[[ Provided information open ]]

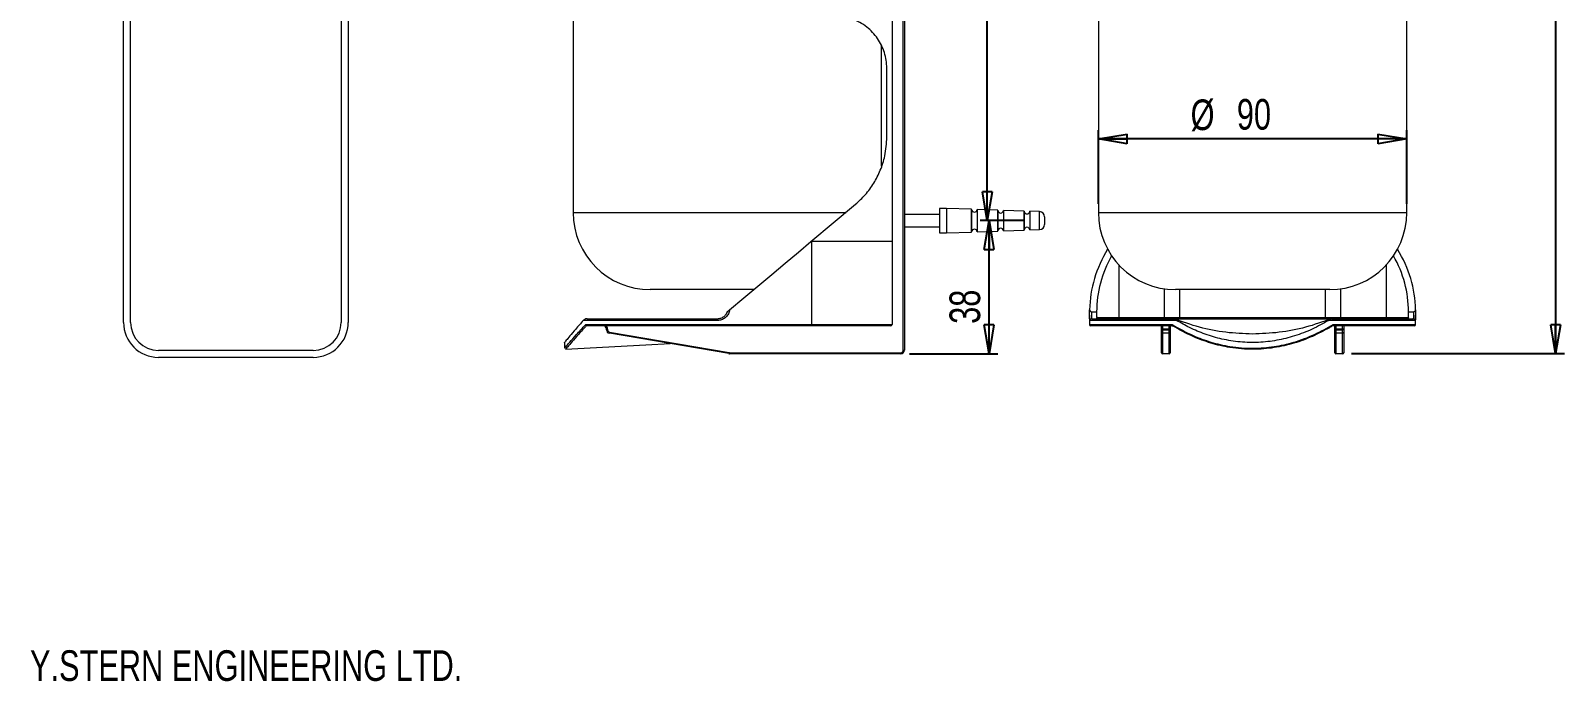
# Model space of a CAD drawing. Header units: millimetres. Extents: x 62 to 974, y 33 to 1436.
# Drawn here: x 98 to 974, y 33 to 404 of the extents above; entities that cross this region are included whole.
import ezdxf

# ---------------------------------------------------------------- set-up
doc = ezdxf.new("R2010")
doc.units = ezdxf.units.MM
doc.header["$LTSCALE"] = 5
doc.layers.add('LEVEL0', color=179, linetype='Continuous')
doc.styles.add('SLDTEXTSTYLE0', font='TXT', dxfattribs={"width": 0.75})
doc.dimstyles.new('SLDDIMSTYLE0', dxfattribs={"dimtxt": 17.5, "dimasz": 16.51, "dimexe": 0, "dimexo": 0.0625, "dimgap": 4.375, "dimtad": 1, "dimdec": 0, "dimlfac": 0.5, "dimrnd": 1e-09, "dimzin": 12, "dimdsep": 46, "dimtxsty": 'SLDTEXTSTYLE0', "dimblk1": 'CLOSED', "dimblk2": 'CLOSED', "dimsah": 1, "dimcen": 0.09, "dimadec": 0, "dimazin": 3, "dimtfac": 1, "dimtdec": 0, "dimtofl": 0, "dimtmove": 0, "dimatfit": 3, "dimldrblk": 'CLOSED', "dimfxl": 0, "dimfrac": 2, "dimtolj": 1, "dimtzin": 12, "dimarcsym": 0})
doc.dimstyles.new('SLDDIMSTYLE1', dxfattribs={"dimtxt": 17.5, "dimasz": 16.51, "dimexe": 0, "dimexo": 0.0625, "dimgap": 4.375, "dimtad": 1, "dimdec": 0, "dimlfac": 0.5, "dimrnd": 1e-09, "dimzin": 12, "dimdsep": 46, "dimtxsty": 'SLDTEXTSTYLE0', "dimblk1": 'CLOSED', "dimblk2": 'CLOSED', "dimsah": 1, "dimcen": 0.09, "dimadec": 0, "dimazin": 3, "dimtfac": 1, "dimtofl": 0, "dimtmove": 0, "dimatfit": 3, "dimldrblk": 'CLOSED', "dimfxl": 0, "dimfrac": 2, "dimtolj": 1, "dimtzin": 12, "dimarcsym": 0})

# ---------------------------------------------------------------- blocks, each defined once
blk = doc.blocks.new('_CLOSED')
at = {"color": 0, "linetype": 'ByBlock', "lineweight": -2}
for p, q in [((-1, 0.166667), (0, 0)), ((-1, 0.166667), (-1, -0.166667)), ((0, 0), (-1, -0.166667)), ((0, 0), (-1, 0))]:
    blk.add_line(p, q, dxfattribs=at)
blk = doc.blocks.new('_D_2')
at = {"layer": 'LEVEL0', "color": 7}
for p, q in [((664.84, 295.95), (640.33, 295.95)), ((645.33, 219.95), (645.33, 295.95)), ((600.01, 219.95), (650.33, 219.95))]:
    blk.add_line(p, q, dxfattribs=at)
at = {"layer": 'LEVEL0', "color": 7, "xscale": 16.51, "yscale": 16.51}
for p, rotation in [((645.33, 295.95, 32.55), 90.0000000000004), ((645.33, 219.95, 32.55), 270.0000000000004)]:
    blk.add_blockref('_CLOSED', p, dxfattribs=dict(at, rotation=rotation))
at = {"layer": 'LEVEL0', "color": 7, "insert": (622.78, 237.01, 32.55), "char_height": 17.5, "attachment_point": 1, "rotation": 90, "style": 'SLDTEXTSTYLE0'}
blk.add_mtext('38', dxfattribs=at)
blk = doc.blocks.new('_D_3')
at = {"layer": 'LEVEL0', "color": 7}
blk.add_line((644.34, 295.95), (644.34, 615.95), dxfattribs=at)
at = {"layer": 'LEVEL0', "color": 7, "xscale": 16.51, "yscale": 16.51}
for p, rotation in [((644.34, 615.95, 32.55), 90.0000000000004), ((644.34, 295.95, 32.55), 270.0000000000004)]:
    blk.add_blockref('_CLOSED', p, dxfattribs=dict(at, rotation=rotation))
at = {"layer": 'LEVEL0', "color": 7, "insert": (621.79, 434.27, 32.55), "char_height": 17.5, "attachment_point": 1, "rotation": 90, "style": 'SLDTEXTSTYLE0'}
blk.add_mtext('160', dxfattribs=at)
blk = doc.blocks.new('_D_4')
at = {"layer": 'LEVEL0', "color": 7}
for p, q in [((707.75, 305.55), (707.75, 347.61)), ((883.75, 342.61), (707.75, 342.61)), ((883.75, 305.55), (883.75, 347.61))]:
    blk.add_line(p, q, dxfattribs=at)
at = {"layer": 'LEVEL0', "color": 7, "xscale": 16.51, "yscale": 16.51, "rotation": 180.0000000000003}
blk.add_blockref('_CLOSED', (707.75, 342.61, -12.2), dxfattribs=at)
at = {"layer": 'LEVEL0', "color": 7, "xscale": 16.51, "yscale": 16.51}
blk.add_blockref('_CLOSED', (883.75, 342.61, -12.2), dxfattribs=at)
at = {"layer": 'LEVEL0', "color": 7, "char_height": 17.5, "attachment_point": 1, "style": 'SLDTEXTSTYLE0'}
for s, insert in [('%%c', (760.38, 365.17)), ('90', (786.77, 365.43))]:
    blk.add_mtext(s, dxfattribs=dict(at, insert=insert))
blk = doc.blocks.new('_D_8')
at = {"layer": 'LEVEL0', "color": 7}
for p, q in [((812.75, 847.55), (973.68, 847.55)), ((968.68, 847.55), (968.68, 219.98)), ((852.15, 219.98), (973.68, 219.98))]:
    blk.add_line(p, q, dxfattribs=at)
at = {"layer": 'LEVEL0', "color": 7, "xscale": 16.51, "yscale": 16.51}
for p, rotation in [((968.68, 847.55, -12.2), 90.0000000000004), ((968.68, 219.98, -12.2), 270.0000000000004)]:
    blk.add_blockref('_CLOSED', p, dxfattribs=dict(at, rotation=rotation))
at = {"layer": 'LEVEL0', "color": 7, "insert": (946.12, 509.2, -12.2), "char_height": 17.5, "attachment_point": 1, "rotation": 90, "style": 'SLDTEXTSTYLE0'}
blk.add_mtext('314', dxfattribs=at)

msp = doc.modelspace()

# ---------------------------------------------------------------- linework, layer by layer
at = {"color": 8, "linetype": 'Continuous', "lineweight": 0}
for p, q in [((596.41, 221.95), (596.41, 689.95)), ((408.01, 300.55), (456.32, 300.55)), ((456.32, 300.55), (563.73, 300.55)), ((674.12, 290.81), (674.12, 301.1)), ((707.75, 300.55), (874.29, 300.55)), ((874.29, 300.55), (883.75, 300.55)), ((543.93, 283.95), (543.68, 283.95)), ((543.93, 283.95), (543.93, 236.55)), ((590.01, 283.95), (543.93, 283.95)), ((719.47, 270.65), (719.47, 240.55)), ((872.02, 270.65), (872.02, 240.55)), ((745.5, 240.55), (745.5, 257)), ((754.07, 256.55), (754.07, 240.55)), ((837.42, 240.55), (837.42, 256.55)), ((845.99, 257), (845.99, 240.55)), ((490.29, 238.95), (413.74, 238.95)), ((415.14, 236.55), (543.93, 236.55)), ((543.93, 236.55), (590.01, 236.55)), ((702.75, 236.55), (749.83, 236.55)), ((752.38, 238.95), (702.92, 238.95)), ((706.75, 240.55), (719.47, 240.55)), ((719.47, 240.55), (745.5, 240.55)), ((745.5, 240.55), (754.07, 240.55)), ((840.57, 239.88), (750.93, 239.88)), ((754.07, 240.55), (754.07, 239.95)), ((754.07, 240.55), (837.42, 240.55)), ((837.42, 240.55), (845.99, 240.55)), ((837.42, 240.55), (837.42, 239.95)), ((888.57, 238.95), (839.12, 238.95)), ((841.67, 236.55), (888.75, 236.55)), ((845.99, 240.55), (872.02, 240.55)), ((872.02, 240.55), (884.75, 240.55)), ((427.61, 233.95), (427.01, 233.95)), ((427.61, 233.64), (427.01, 233.64)), ((427.61, 233.95), (427.61, 233.64)), ((428.77, 232.26), (496.94, 220.57)), ((744.35, 233.95), (743.75, 233.95)), ((744.35, 233.64), (743.75, 233.64)), ((744.35, 235.95), (744.35, 233.95)), ((748.15, 233.95), (744.35, 233.95)), ((744.35, 233.95), (744.35, 233.64)), ((744.35, 233.64), (744.35, 231.67)), ((744.35, 233.64), (748.15, 233.64)), ((748.15, 231.67), (744.35, 231.67)), ((744.35, 231.67), (744.35, 219.98)), ((748.15, 233.95), (748.15, 235.95)), ((748.75, 233.95), (748.15, 233.95)), ((748.15, 233.64), (748.15, 233.95)), ((748.15, 231.67), (748.15, 233.64)), ((748.75, 233.64), (748.15, 233.64)), ((748.15, 219.98), (748.15, 231.67)), ((842.75, 233.95), (843.35, 233.95)), ((842.75, 233.64), (843.35, 233.64)), ((843.35, 235.95), (843.35, 233.95)), ((847.15, 233.95), (843.35, 233.95)), ((843.35, 233.95), (843.35, 233.64)), ((843.35, 233.64), (843.35, 231.67)), ((843.35, 233.64), (847.15, 233.64)), ((847.15, 231.67), (843.35, 231.67)), ((843.35, 231.67), (843.35, 219.98)), ((847.15, 233.95), (847.15, 235.95)), ((847.75, 233.95), (847.15, 233.95)), ((847.15, 233.64), (847.15, 233.95)), ((847.15, 231.67), (847.15, 233.64)), ((847.75, 233.64), (847.15, 233.64)), ((847.15, 219.98), (847.15, 231.67)), ((497.18, 220.55), (595.01, 220.55)), ((497.18, 220.55), (497.18, 219.95)), ((595.01, 220.55), (595.01, 219.95)), ((596.41, 221.95), (597.01, 221.95)), ((744.35, 219.98), (748.15, 219.98)), ((744.35, 219.98), (744.35, 219.95)), ((748.15, 219.95), (748.15, 219.98)), ((843.35, 219.98), (847.15, 219.98)), ((843.35, 219.98), (843.35, 219.95)), ((847.15, 219.95), (847.15, 219.98))]:
    msp.add_line(p, q, dxfattribs=at)
at = {"color": 7, "linetype": 'Continuous', "lineweight": 15}
for p, q in [((597.01, 689.95), (597.01, 221.95)), ((408.01, 640.55), (408.01, 300.55)), ((590.01, 412.95), (590.01, 283.95)), ((707.75, 412.95), (707.75, 300.55)), ((883.75, 300.55), (883.75, 412.95)), ((584.01, 327.02), (584.01, 396)), ((587.01, 343.63), (587.01, 382.95)), ((543.68, 283.95), (569.15, 305.32)), ((617.01, 299.45), (597.01, 299.45)), ((621.01, 302.95), (617.01, 302.95)), ((617.01, 302.95), (617.01, 288.95)), ((635.41, 302.45), (621.01, 302.95)), ((621.01, 302.95), (621.01, 288.95)), ((635.41, 289.46), (635.41, 302.45)), ((635.41, 302.39), (635.41, 289.51)), ((650.41, 301.93), (638.61, 302.34)), ((638.61, 302.34), (638.61, 295.95)), ((650.41, 289.98), (650.41, 301.93)), ((650.41, 301.87), (650.41, 290.04)), ((665.41, 301.4), (653.61, 301.81)), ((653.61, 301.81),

[[ Provided information closed ]]

◆ **Directions for this task**:
Word for word, restate the lines above from the line containing "blk = doc.blocks.new('_D_4')" through the line containing "(883.75, 342.61, -12.2), dxfattribs=at)", with both included and nothing else.

◆ **Solution to this task**:
blk = doc.blocks.new('_D_4')
at = {"layer": 'LEVEL0', "color": 7}
for p, q in [((707.75, 305.55), (707.75, 347.61)), ((883.75, 342.61), (707.75, 342.61)), ((883.75, 305.55), (883.75, 347.61))]:
    blk.add_line(p, q, dxfattribs=at)
at = {"layer": 'LEVEL0', "color": 7, "xscale": 16.51, "yscale": 16.51, "rotation": 180.0000000000003}
blk.add_blockref('_CLOSED', (707.75, 342.61, -12.2), dxfattribs=at)
at = {"layer": 'LEVEL0', "color": 7, "xscale": 16.51, "yscale": 16.51}
blk.add_blockref('_CLOSED', (883.75, 342.61, -12.2), dxfattribs=at)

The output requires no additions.